Stored items
------------------------------------------------------------

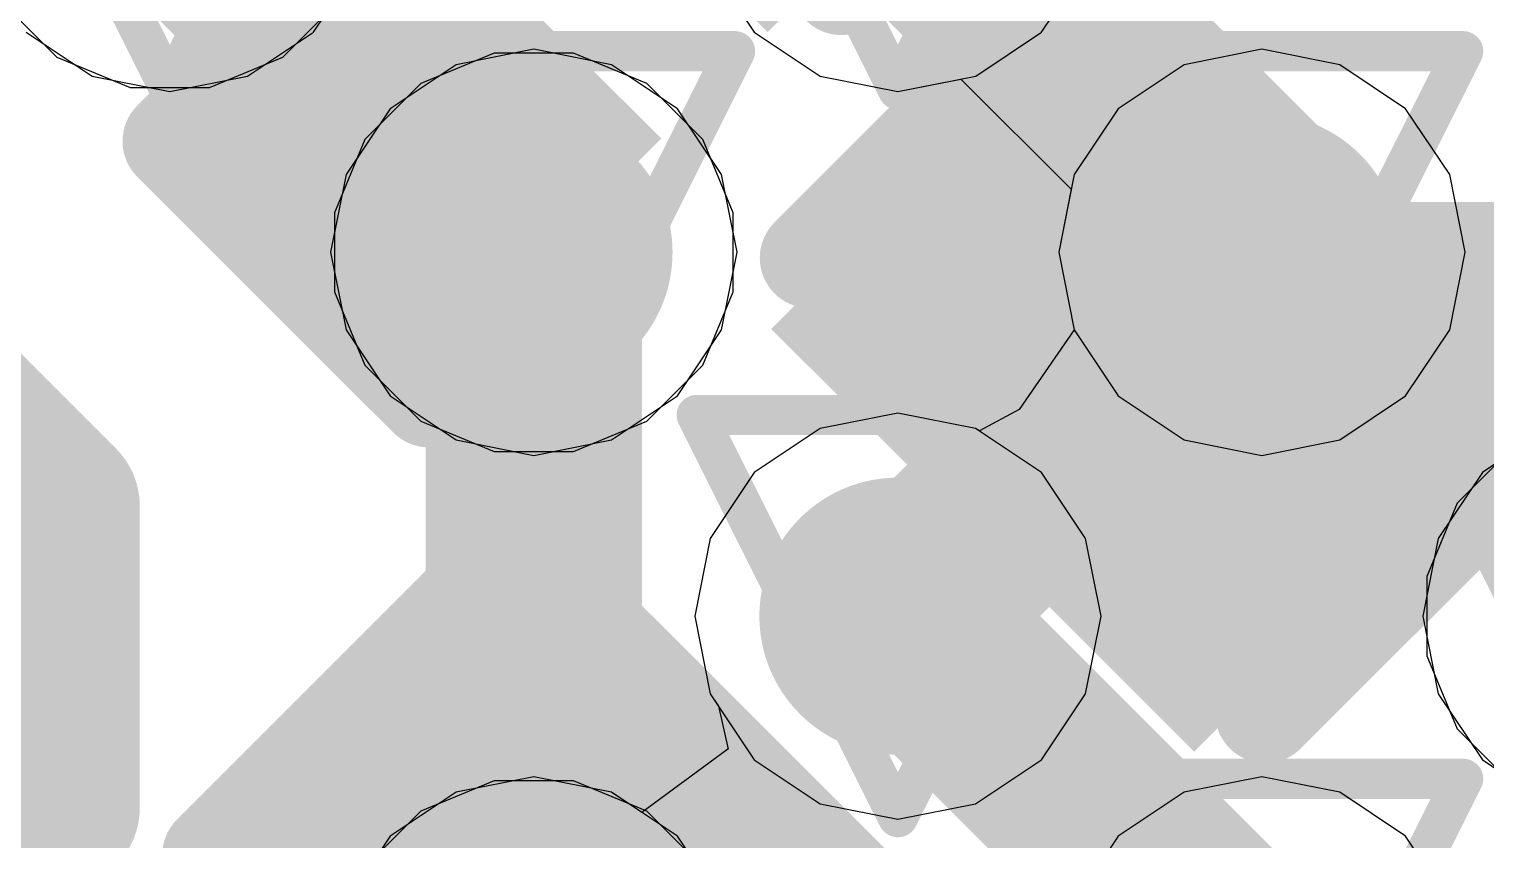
# Model space of a CAD drawing. Header units: inches. Extents: x -6 to 283, y -12 to 154.
# Drawn here: x 58.826 to 60.666, y 8.453 to 9.477 of the extents above; entities that cross this region are included whole.
import ezdxf

# ---------------------------------------------------------------- set-up
doc = ezdxf.new("R2010")
doc.units = ezdxf.units.IN
for name, color, linetype in [('Bottom Layer', 5, 'Continuous'), ('Bottom Overlay', 54, 'Continuous'), ('Bottom Paste', 16, 'Continuous'), ('Bottom Solder', 6, 'Continuous'), ('Drill Drawing', 1, 'Continuous'), ('GND-1', 16, 'Continuous'), ('GND-2', 90, 'Continuous'), ('GND-3', 216, 'Continuous'), ('GND-4', 54, 'Continuous'), ('PWR-1', 156, 'Continuous'), ('PWR-2', 130, 'Continuous'), ('Signal L1', 76, 'Continuous'), ('Signal L2', 6, 'Continuous'), ('Top Layer', 1, 'Continuous'), ('Top Paste', 8, 'Continuous'), ('Top Solder', 216, 'Continuous'), ('Via Holes', 16, 'Continuous')]:
    doc.layers.add(name, color=color, linetype=linetype)

# ---------------------------------------------------------------- blocks, each defined once
blk = doc.blocks.new('BGA_565_15_5_14_4__57')
at = {"layer": 'Top Layer'}
h = blk.add_hatch(color=1, dxfattribs=at)
edge = h.paths.add_edge_path()
edge.add_arc((-4.87499914, 3.5749992), 0.12499848, 0, 360)
h = blk.add_hatch(color=1, dxfattribs=at)
edge = h.paths.add_edge_path()
edge.add_arc((-4.22500044, 3.5749992), 0.12499848, 0, 360)
h = blk.add_hatch(color=1, dxfattribs=at)
edge = h.paths.add_edge_path()
edge.add_arc((-4.22500044, 2.9250005), 0.12499848, 0, 360)
at = {"layer": 'Top Paste'}
h = blk.add_hatch(color=8, dxfattribs=at)
edge = h.paths.add_edge_path()
edge.add_arc((-4.87499914, 3.5749992), 0.12499848, 0, 360)
h = blk.add_hatch(color=8, dxfattribs=at)
edge = h.paths.add_edge_path()
edge.add_arc((-4.22500044, 3.5749992), 0.12499848, 0, 360)
h = blk.add_hatch(color=8, dxfattribs=at)
edge = h.paths.add_edge_path()
edge.add_arc((-4.22500044, 2.9250005), 0.12499848, 0, 360)
at = {"layer": 'Top Solder'}
h = blk.add_hatch(color=216, dxfattribs=at)
edge = h.paths.add_edge_path()
edge.add_arc((-4.87499914, 3.5749992), 0.17499838, 0, 360)
h = blk.add_hatch(color=216, dxfattribs=at)
edge = h.paths.add_edge_path()
edge.add_arc((-4.22500044, 3.5749992), 0.17499838, 0, 360)
h = blk.add_hatch(color=216, dxfattribs=at)
edge = h.paths.add_edge_path()
edge.add_arc((-4.22500044, 2.9250005), 0.17499838, 0, 360)
blk = doc.blocks.new('C___0402_B_371')
at = {"layer": 'Bottom Layer'}
for points in [[(-0.2413, 0.3175), (-0.2412999999999999, -0.3175), (-0.6985, -0.3175), (-0.6985, 0.3175)], [(0.6985, 0.3175), (0.6985, -0.3175), (0.2413, -0.3175), (0.2412999999999999, 0.3175)]]:
    blk.add_hatch(color=5, dxfattribs=at).paths.add_polyline_path(points)
at = {"layer": 'Bottom Paste'}
for points in [[(-0.2413, 0.3175), (-0.2412999999999999, -0.3175), (-0.6985, -0.3175), (-0.6985, 0.3175)], [(0.6985, 0.3175), (0.6985, -0.3175), (0.2413, -0.3175), (0.2412999999999999, 0.3175)]]:
    blk.add_hatch(color=16, dxfattribs=at).paths.add_polyline_path(points)
at = {"layer": 'Bottom Solder'}
for points in [[(-0.18130012, 0.37749988), (-0.18130012, -0.37749988), (-0.7584998799999999, -0.37749988), (-0.7584998799999999, 0.37749988)], [(0.7584998799999999, 0.37749988), (0.7584998799999999, -0.37749988), (0.18130012, -0.37749988), (0.18130012, 0.37749988)]]:
    blk.add_hatch(color=6, dxfattribs=at).paths.add_polyline_path(points)
at = {"layer": 'Bottom Overlay'}
for points in [[(-0.2794, 0.4064, 0.127, 0.127, 0), (-0.7874, 0.4064, 0.127, 0.127, 0)], [(-0.7874, -0.4064, 0.127, 0.127, 0), (-0.7874, 0.4064, 0.127, 0.127, 0)], [(0.7874, -0.4064, 0.127, 0.127, 0), (0.7874, 0.4064, 0.127, 0.127, 0)], [(-0.2794, -0.4064, 0.127, 0.127, 0), (-0.7874, -0.4064, 0.127, 0.127, 0)], [(0.7874, -0.4064, 0.127, 0.127, 0), (0.2794, -0.4064, 0.127, 0.127, 0)]]:
    blk.add_lwpolyline(points, format="xyseb", dxfattribs=at)
for points in [[(-0.31115, 0.4064, 0.0635, 0.0635, 1), (-0.24765, 0.4064, 0.0635, 0.0635, 1)], [(-0.31115, -0.4064, 0.0635, 0.0635, 1), (-0.24765, -0.4064, 0.0635, 0.0635, 1)], [(0.24765, -0.4064, 0.0635, 0.0635, 1), (0.31115, -0.4064, 0.0635, 0.0635, 1)], [(0.7556499999999999, -0.4064, 0.0635, 0.0635, 1), (0.8191499999999999, -0.4064, 0.0635, 0.0635, 1)], [(0.7556499999999999, -0.4064, 0.0635, 0.0635, 1), (0.8191499999999999, -0.4064, 0.0635, 0.0635, 1)]]:
    blk.add_lwpolyline(points, format="xyseb", close=True, dxfattribs=at)
blk = doc.blocks.new('CAP_0201_B_376')
at = {"layer": 'Bottom Layer'}
for points in [[(-0.44999656, 0.1499997), (-0.14999716, 0.1499997), (-0.14999716, -0.1499997), (-0.44999656, -0.1499997)], [(0.14999716, 0.1499997), (0.44999656, 0.1499997), (0.44999656, -0.1499997), (0.14999716, -0.1499997)]]:
    blk.add_hatch(color=5, dxfattribs=at).paths.add_polyline_path(points)
at = {"layer": 'Bottom Paste'}
for points in [[(-0.44999656, 0.1499997), (-0.14999716, 0.1499997), (-0.14999716, -0.1499997), (-0.44999656, -0.1499997)], [(0.14999716, 0.1499997), (0.44999656, 0.1499997), (0.44999656, -0.1499997), (0.14999716, -0.1499997)]]:
    blk.add_hatch(color=16, dxfattribs=at).paths.add_polyline_path(points)
at = {"layer": 'Bottom Solder'}
for points in [[(-0.50499772, 0.20500086), (-0.094996, 0.20500086), (-0.094996, -0.20500086), (-0.50499772, -0.20500086)], [(0.094996, 0.20500086), (0.50499772, 0.20500086), (0.50499772, -0.20500086), (0.094996, -0.20500086)]]:
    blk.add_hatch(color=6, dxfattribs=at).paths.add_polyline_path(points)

------------------------------------------------------------

WHAT YOU HAVE TO DO: Write out the data exactly, and exclude every picture it holds.

TASK RESPONSE:
# Model space of a CAD drawing. Header units: inches. Extents: x -6 to 283, y -12 to 154.
# Drawn here: x 58.826 to 60.666, y 8.453 to 9.477 of the extents above; entities that cross this region are included whole.
import ezdxf

# ---------------------------------------------------------------- set-up
doc = ezdxf.new("R2010")
doc.units = ezdxf.units.IN
for name, color, linetype in [('Bottom Layer', 5, 'Continuous'), ('Bottom Overlay', 54, 'Continuous'), ('Bottom Paste', 16, 'Continuous'), ('Bottom Solder', 6, 'Continuous'), ('Drill Drawing', 1, 'Continuous'), ('GND-1', 16, 'Continuous'), ('GND-2', 90, 'Continuous'), ('GND-3', 216, 'Continuous'), ('GND-4', 54, 'Continuous'), ('PWR-1', 156, 'Continuous'), ('PWR-2', 130, 'Continuous'), ('Signal L1', 76, 'Continuous'), ('Signal L2', 6, 'Continuous'), ('Top Layer', 1, 'Continuous'), ('Top Paste', 8, 'Continuous'), ('Top Solder', 216, 'Continuous'), ('Via Holes', 16, 'Continuous')]:
    doc.layers.add(name, color=color, linetype=linetype)

# ---------------------------------------------------------------- blocks, each defined once
blk = doc.blocks.new('BGA_565_15_5_14_4__57')
at = {"layer": 'Top Layer'}
h = blk.add_hatch(color=1, dxfattribs=at)
edge = h.paths.add_edge_path()
edge.add_arc((-4.87499914, 3.5749992), 0.12499848, 0, 360)
h = blk.add_hatch(color=1, dxfattribs=at)
edge = h.paths.add_edge_path()
edge.add_arc((-4.22500044, 3.5749992), 0.12499848, 0, 360)
h = blk.add_hatch(color=1, dxfattribs=at)
edge = h.paths.add_edge_path()
edge.add_arc((-4.22500044, 2.9250005), 0.12499848, 0, 360)
at = {"layer": 'Top Paste'}
h = blk.add_hatch(color=8, dxfattribs=at)
edge = h.paths.add_edge_path()
edge.add_arc((-4.87499914, 3.5749992), 0.12499848, 0, 360)
h = blk.add_hatch(color=8, dxfattribs=at)
edge = h.paths.add_edge_path()
edge.add_arc((-4.22500044, 3.5749992), 0.12499848, 0, 360)
h = blk.add_hatch(color=8, dxfattribs=at)
edge = h.paths.add_edge_path()
edge.add_arc((-4.22500044, 2.9250005), 0.12499848, 0, 360)
at = {"layer": 'Top Solder'}
h = blk.add_hatch(color=216, dxfattribs=at)
edge = h.paths.add_edge_path()
edge.add_arc((-4.87499914, 3.5749992), 0.17499838, 0, 360)
h = blk.add_hatch(color=216, dxfattribs=at)
edge = h.paths.add_edge_path()
edge.add_arc((-4.22500044, 3.5749992), 0.17499838, 0, 360)
h = blk.add_hatch(color=216, dxfattribs=at)
edge = h.paths.add_edge_path()
edge.add_arc((-4.22500044, 2.9250005), 0.17499838, 0, 360)
blk = doc.blocks.new('C___0402_B_371')
at = {"layer": 'Bottom Layer'}
for points in [[(-0.2413, 0.3175), (-0.2412999999999999, -0.3175), (-0.6985, -0.3175), (-0.6985, 0.3175)], [(0.6985, 0.3175), (0.6985, -0.3175), (0.2413, -0.3175), (0.2412999999999999, 0.3175)]]:
    blk.add_hatch(color=5, dxfattribs=at).paths.add_polyline_path(points)
at = {"layer": 'Bottom Paste'}
for points in [[(-0.2413, 0.3175), (-0.2412999999999999, -0.3175), (-0.6985, -0.3175), (-0.6985, 0.3175)], [(0.6985, 0.3175), (0.6985, -0.3175), (0.2413, -0.3175), (0.2412999999999999, 0.3175)]]:
    blk.add_hatch(color=16, dxfattribs=at).paths.add_polyline_path(points)
at = {"layer": 'Bottom Solder'}
for points in [[(-0.18130012, 0.37749988), (-0.18130012, -0.37749988), (-0.7584998799999999, -0.37749988), (-0.7584998799999999, 0.37749988)], [(0.7584998799999999, 0.37749988), (0.7584998799999999, -0.37749988), (0.18130012, -0.37749988), (0.18130012, 0.37749988)]]:
    blk.add_hatch(color=6, dxfattribs=at).paths.add_polyline_path(points)
at = {"layer": 'Bottom Overlay'}
for points in [[(-0.2794, 0.4064, 0.127, 0.127, 0), (-0.7874, 0.4064, 0.127, 0.127, 0)], [(-0.7874, -0.4064, 0.127, 0.127, 0), (-0.7874, 0.4064, 0.127, 0.127, 0)], [(0.7874, -0.4064, 0.127, 0.127, 0), (0.7874, 0.4064, 0.127, 0.127, 0)], [(-0.2794, -0.4064, 0.127, 0.127, 0), (-0.7874, -0.4064, 0.127, 0.127, 0)], [(0.7874, -0.4064, 0.127, 0.127, 0), (0.2794, -0.4064, 0.127, 0.127, 0)]]:
    blk.add_lwpolyline(points, format="xyseb", dxfattribs=at)
for points in [[(-0.31115, 0.4064, 0.0635, 0.0635, 1), (-0.24765, 0.4064, 0.0635, 0.0635, 1)], [(-0.31115, -0.4064, 0.0635, 0.0635, 1), (-0.24765, -0.4064, 0.0635, 0.0635, 1)], [(0.24765, -0.4064, 0.0635, 0.0635, 1), (0.31115, -0.4064, 0.0635, 0.0635, 1)], [(0.7556499999999999, -0.4064, 0.0635, 0.0635, 1), (0.8191499999999999, -0.4064, 0.0635, 0.0635, 1)], [(0.7556499999999999, -0.4064, 0.0635, 0.0635, 1), (0.8191499999999999, -0.4064, 0.0635, 0.0635, 1)]]:
    blk.add_lwpolyline(points, format="xyseb", close=True, dxfattribs=at)
blk = doc.blocks.new('CAP_0201_B_376')
at = {"layer": 'Bottom Layer'}
for points in [[(-0.44999656, 0.1499997), (-0.14999716, 0.1499997), (-0.14999716, -0.1499997), (-0.44999656, -0.1499997)], [(0.14999716, 0.1499997), (0.44999656, 0.1499997), (0.44999656, -0.1499997), (0.14999716, -0.1499997)]]:
    blk.add_hatch(color=5, dxfattribs=at).paths.add_polyline_path(points)
at = {"layer": 'Bottom Paste'}
for points in [[(-0.44999656, 0.1499997), (-0.14999716, 0.1499997), (-0.14999716, -0.1499997), (-0.44999656, -0.1499997)], [(0.14999716, 0.1499997), (0.44999656, 0.1499997), (0.44999656, -0.1499997), (0.14999716, -0.1499997)]]:
    blk.add_hatch(color=16, dxfattribs=at).paths.add_polyline_path(points)
at = {"layer": 'Bottom Solder'}
for points in [[(-0.50499772, 0.20500086), (-0.094996, 0.20500086), (-0.094996, -0.20500086), (-0.50499772, -0.20500086)], [(0.094996, 0.20500086), (0.50499772, 0.20500086), (0.50499772, -0.20500086), (0.094996, -0.20500086)]]:
    blk.add_hatch(color=6, dxfattribs=at).paths.add_polyline_path(points)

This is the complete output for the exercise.